Multiple machine-learning checklists are already available, many spearheaded by the Equator Network, an international initiative to improve the reliability of health research. The TRIPOD checklist, for instance, includes 22 items to guide the reporting of studies of predictive health models. The Checklist for AI in Medical Imaging, or CLAIM, lists 42 items5, including whether a study is retrospective or prospective, and how well the data match the intended use of the model.
In July 2022, Kapoor and colleagues published a list of 21 questions to help reduce data leakage. For example, if a model is being used to predict an outcome, the checklist advises researchers to confirm whether data in the training set pre-dates the test set, a sign that they are independent.
Although there is still much to do, growing dialogue around reproducibility in machine learning is encouraging and helps to counteract what has been a siloed state of research, researchers say.

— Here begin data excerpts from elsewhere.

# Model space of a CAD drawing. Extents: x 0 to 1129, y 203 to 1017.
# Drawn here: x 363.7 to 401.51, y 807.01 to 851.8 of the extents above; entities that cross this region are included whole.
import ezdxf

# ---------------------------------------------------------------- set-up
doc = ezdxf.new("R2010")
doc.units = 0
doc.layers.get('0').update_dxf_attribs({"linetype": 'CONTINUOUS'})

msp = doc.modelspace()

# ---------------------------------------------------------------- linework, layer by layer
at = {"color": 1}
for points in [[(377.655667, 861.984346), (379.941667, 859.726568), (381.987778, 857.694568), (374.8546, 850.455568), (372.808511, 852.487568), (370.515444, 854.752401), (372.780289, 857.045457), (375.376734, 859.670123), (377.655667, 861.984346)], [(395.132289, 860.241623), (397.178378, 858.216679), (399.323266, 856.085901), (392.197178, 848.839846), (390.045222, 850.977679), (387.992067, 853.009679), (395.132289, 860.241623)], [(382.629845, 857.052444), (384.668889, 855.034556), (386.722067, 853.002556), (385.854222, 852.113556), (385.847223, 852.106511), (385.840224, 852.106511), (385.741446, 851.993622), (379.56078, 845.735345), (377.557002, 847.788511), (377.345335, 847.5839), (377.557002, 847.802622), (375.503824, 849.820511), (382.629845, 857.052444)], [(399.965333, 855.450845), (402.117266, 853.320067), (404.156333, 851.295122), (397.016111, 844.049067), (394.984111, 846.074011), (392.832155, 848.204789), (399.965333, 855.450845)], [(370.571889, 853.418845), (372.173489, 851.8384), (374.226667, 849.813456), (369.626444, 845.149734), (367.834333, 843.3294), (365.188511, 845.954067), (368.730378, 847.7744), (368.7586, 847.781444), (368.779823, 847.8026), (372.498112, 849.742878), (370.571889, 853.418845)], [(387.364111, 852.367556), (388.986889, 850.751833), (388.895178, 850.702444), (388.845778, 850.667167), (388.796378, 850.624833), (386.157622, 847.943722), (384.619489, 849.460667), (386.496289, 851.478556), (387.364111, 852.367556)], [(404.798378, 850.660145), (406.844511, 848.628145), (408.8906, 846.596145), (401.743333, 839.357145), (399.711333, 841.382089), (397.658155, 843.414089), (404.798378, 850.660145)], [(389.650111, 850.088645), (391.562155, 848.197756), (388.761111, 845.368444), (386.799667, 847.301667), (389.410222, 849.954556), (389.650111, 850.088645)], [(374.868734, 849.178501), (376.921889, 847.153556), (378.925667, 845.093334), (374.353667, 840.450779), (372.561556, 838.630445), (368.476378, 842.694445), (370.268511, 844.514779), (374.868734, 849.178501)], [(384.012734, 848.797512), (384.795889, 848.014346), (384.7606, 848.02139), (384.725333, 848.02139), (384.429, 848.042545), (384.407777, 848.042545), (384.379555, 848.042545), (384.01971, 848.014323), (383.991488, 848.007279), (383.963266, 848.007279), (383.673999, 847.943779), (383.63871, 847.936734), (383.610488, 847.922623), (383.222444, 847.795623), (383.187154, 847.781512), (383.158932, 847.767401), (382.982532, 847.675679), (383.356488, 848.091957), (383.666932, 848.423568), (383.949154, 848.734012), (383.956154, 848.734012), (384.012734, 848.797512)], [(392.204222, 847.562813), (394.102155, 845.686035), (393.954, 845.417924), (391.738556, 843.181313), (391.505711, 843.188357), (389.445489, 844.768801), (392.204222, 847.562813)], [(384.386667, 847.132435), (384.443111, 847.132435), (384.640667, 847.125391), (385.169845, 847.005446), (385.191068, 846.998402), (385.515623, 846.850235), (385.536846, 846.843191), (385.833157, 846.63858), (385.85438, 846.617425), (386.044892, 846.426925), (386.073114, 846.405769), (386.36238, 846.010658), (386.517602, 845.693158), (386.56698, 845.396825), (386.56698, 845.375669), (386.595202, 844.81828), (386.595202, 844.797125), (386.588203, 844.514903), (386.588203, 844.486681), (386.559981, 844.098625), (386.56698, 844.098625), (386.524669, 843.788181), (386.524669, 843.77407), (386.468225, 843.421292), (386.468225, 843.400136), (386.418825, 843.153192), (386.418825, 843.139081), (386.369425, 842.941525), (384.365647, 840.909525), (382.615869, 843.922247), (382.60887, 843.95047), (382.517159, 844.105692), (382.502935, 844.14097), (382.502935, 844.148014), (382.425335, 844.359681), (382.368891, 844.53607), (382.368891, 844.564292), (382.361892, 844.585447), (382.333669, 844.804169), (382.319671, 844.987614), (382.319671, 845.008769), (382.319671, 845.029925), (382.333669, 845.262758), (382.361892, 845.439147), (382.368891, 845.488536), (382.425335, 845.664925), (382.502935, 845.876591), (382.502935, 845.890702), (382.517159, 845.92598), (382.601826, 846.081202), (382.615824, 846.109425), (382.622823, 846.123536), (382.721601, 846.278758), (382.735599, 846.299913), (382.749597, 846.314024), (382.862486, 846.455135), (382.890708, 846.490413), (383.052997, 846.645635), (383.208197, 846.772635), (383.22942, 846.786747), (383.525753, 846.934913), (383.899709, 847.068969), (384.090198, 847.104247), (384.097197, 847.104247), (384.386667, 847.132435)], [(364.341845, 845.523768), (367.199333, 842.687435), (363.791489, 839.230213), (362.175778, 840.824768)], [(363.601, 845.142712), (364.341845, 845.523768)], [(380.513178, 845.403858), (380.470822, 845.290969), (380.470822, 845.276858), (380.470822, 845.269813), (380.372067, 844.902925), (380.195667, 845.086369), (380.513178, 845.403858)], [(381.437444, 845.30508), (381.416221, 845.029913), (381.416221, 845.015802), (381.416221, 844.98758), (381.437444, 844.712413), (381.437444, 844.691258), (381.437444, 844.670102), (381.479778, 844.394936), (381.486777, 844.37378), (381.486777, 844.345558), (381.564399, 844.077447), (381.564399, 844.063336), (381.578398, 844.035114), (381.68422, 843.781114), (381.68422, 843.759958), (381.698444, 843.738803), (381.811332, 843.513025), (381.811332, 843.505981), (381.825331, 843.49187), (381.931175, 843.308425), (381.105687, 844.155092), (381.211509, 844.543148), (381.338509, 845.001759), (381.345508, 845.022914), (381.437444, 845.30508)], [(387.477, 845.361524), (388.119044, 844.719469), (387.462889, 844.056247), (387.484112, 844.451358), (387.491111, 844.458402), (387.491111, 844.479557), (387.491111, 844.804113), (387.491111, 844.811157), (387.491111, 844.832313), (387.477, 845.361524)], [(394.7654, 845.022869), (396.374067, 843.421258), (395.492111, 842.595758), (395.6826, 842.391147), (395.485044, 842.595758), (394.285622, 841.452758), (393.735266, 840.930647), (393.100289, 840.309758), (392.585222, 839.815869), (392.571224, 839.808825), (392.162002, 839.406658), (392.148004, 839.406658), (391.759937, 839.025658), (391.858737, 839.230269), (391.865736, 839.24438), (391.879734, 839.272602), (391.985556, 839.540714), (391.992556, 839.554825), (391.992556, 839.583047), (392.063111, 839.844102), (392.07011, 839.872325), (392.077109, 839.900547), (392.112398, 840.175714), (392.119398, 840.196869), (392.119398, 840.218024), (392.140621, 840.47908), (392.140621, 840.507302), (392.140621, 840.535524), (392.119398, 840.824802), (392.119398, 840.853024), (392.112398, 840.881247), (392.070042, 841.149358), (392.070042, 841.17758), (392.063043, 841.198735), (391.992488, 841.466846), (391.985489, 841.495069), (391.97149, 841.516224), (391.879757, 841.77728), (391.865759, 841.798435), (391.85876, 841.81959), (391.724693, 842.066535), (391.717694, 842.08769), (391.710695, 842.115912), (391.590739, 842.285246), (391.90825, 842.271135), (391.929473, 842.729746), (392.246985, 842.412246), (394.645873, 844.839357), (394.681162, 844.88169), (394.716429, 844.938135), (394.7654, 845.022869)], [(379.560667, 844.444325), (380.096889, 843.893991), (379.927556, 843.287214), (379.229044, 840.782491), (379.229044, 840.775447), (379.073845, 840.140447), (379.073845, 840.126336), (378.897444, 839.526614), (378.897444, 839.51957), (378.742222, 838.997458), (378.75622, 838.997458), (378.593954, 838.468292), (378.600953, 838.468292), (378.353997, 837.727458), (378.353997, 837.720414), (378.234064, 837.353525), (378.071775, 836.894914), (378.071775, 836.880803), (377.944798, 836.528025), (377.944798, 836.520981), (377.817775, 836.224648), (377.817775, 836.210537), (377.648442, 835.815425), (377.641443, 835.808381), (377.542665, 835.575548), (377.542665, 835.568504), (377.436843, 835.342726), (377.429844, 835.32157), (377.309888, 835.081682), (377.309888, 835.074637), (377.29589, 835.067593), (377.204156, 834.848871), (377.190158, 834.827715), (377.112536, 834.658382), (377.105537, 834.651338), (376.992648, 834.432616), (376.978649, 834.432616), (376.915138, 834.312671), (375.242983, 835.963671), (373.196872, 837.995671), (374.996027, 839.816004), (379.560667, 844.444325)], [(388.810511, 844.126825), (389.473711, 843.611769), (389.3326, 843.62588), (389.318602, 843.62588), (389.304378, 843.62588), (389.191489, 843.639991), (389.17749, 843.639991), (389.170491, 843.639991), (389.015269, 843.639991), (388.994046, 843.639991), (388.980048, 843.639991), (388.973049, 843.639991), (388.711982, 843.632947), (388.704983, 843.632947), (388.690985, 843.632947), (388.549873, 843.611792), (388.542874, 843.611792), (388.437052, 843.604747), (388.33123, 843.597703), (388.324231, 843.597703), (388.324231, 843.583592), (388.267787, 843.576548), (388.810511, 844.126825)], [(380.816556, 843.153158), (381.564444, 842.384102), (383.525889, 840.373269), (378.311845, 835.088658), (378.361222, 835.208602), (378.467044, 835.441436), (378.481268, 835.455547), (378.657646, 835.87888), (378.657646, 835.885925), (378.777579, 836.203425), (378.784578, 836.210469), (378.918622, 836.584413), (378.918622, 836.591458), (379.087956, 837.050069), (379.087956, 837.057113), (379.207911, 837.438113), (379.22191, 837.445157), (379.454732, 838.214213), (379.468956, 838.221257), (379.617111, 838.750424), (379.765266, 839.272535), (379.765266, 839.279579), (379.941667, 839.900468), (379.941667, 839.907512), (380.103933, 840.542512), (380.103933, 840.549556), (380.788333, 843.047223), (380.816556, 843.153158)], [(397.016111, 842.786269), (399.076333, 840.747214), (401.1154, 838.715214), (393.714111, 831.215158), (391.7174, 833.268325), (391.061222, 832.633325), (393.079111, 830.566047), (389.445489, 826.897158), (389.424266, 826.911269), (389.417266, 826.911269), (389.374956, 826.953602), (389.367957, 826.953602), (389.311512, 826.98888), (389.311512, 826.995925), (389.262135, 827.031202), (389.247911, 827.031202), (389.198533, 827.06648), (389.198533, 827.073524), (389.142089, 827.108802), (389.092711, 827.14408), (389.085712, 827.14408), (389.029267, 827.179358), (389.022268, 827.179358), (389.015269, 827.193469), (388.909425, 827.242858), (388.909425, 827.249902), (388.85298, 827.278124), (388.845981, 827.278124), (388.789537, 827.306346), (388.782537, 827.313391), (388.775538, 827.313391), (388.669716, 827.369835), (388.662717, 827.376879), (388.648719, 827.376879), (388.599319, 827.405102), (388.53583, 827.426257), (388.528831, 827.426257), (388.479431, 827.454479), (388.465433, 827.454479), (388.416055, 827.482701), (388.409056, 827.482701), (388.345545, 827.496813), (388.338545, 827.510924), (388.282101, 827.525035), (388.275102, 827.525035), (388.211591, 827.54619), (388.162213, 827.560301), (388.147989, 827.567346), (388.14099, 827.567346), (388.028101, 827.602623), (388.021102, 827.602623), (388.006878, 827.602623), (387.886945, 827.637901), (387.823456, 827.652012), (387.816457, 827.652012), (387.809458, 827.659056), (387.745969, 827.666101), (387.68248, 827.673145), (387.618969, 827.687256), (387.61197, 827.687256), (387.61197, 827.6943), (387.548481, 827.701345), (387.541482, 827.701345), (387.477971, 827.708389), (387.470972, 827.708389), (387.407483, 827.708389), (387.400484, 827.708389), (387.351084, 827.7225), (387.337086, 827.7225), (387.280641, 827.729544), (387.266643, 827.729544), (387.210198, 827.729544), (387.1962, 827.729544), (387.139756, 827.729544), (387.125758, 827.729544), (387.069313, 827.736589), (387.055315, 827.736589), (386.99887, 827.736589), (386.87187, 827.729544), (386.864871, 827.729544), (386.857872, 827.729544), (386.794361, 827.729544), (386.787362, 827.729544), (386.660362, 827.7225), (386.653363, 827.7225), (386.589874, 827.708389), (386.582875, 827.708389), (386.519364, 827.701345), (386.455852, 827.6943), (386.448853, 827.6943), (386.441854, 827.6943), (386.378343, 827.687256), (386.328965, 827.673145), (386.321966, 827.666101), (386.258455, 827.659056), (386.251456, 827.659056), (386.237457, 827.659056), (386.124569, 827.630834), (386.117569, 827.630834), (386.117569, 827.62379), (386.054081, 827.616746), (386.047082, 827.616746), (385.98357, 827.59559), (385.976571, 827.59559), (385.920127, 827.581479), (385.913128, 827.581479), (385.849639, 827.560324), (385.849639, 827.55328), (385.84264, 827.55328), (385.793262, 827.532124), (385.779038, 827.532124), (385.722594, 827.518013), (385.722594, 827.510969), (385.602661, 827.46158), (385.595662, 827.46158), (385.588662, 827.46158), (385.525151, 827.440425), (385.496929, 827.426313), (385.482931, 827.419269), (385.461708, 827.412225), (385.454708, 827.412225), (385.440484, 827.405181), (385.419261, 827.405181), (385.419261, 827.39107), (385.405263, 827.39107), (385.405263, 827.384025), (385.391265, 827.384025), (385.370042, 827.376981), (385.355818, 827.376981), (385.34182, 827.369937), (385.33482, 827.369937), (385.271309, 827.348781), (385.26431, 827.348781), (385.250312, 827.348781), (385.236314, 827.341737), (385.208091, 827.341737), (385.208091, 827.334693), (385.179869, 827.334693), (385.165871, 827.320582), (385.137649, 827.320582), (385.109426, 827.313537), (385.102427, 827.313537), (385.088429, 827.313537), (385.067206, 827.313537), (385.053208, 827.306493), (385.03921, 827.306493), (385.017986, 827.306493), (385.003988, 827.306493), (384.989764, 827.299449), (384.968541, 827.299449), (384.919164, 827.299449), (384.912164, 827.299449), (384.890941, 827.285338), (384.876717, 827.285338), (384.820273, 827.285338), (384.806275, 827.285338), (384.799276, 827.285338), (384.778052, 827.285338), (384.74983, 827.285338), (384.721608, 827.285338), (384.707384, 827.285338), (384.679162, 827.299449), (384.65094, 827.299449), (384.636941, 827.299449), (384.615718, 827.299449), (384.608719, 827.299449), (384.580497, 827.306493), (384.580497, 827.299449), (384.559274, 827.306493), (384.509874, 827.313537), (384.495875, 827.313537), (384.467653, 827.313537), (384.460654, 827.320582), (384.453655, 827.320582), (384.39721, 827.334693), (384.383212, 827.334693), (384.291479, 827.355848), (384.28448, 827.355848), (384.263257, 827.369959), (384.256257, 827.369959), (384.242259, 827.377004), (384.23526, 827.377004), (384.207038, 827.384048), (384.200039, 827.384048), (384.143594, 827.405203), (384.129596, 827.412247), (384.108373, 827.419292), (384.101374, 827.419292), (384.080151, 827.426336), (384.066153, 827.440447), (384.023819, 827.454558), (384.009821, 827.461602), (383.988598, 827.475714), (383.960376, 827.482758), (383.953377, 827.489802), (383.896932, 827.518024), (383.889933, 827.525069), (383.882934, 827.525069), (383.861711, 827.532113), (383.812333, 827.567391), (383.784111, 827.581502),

After the July online workshop, nearly 300 people joined a group on the online collaboration platform Slack to continue the discussion, Kapoor says. And at scientific conferences, reproducibility has become a frequent focus, Greene adds. “It used to be a small esoteric group of people who cared about reproducibility. Now it feels like people are asking questions, and conversations are moving forward. I would love for it to move forward faster, but at least it feels less like shouting into the void.”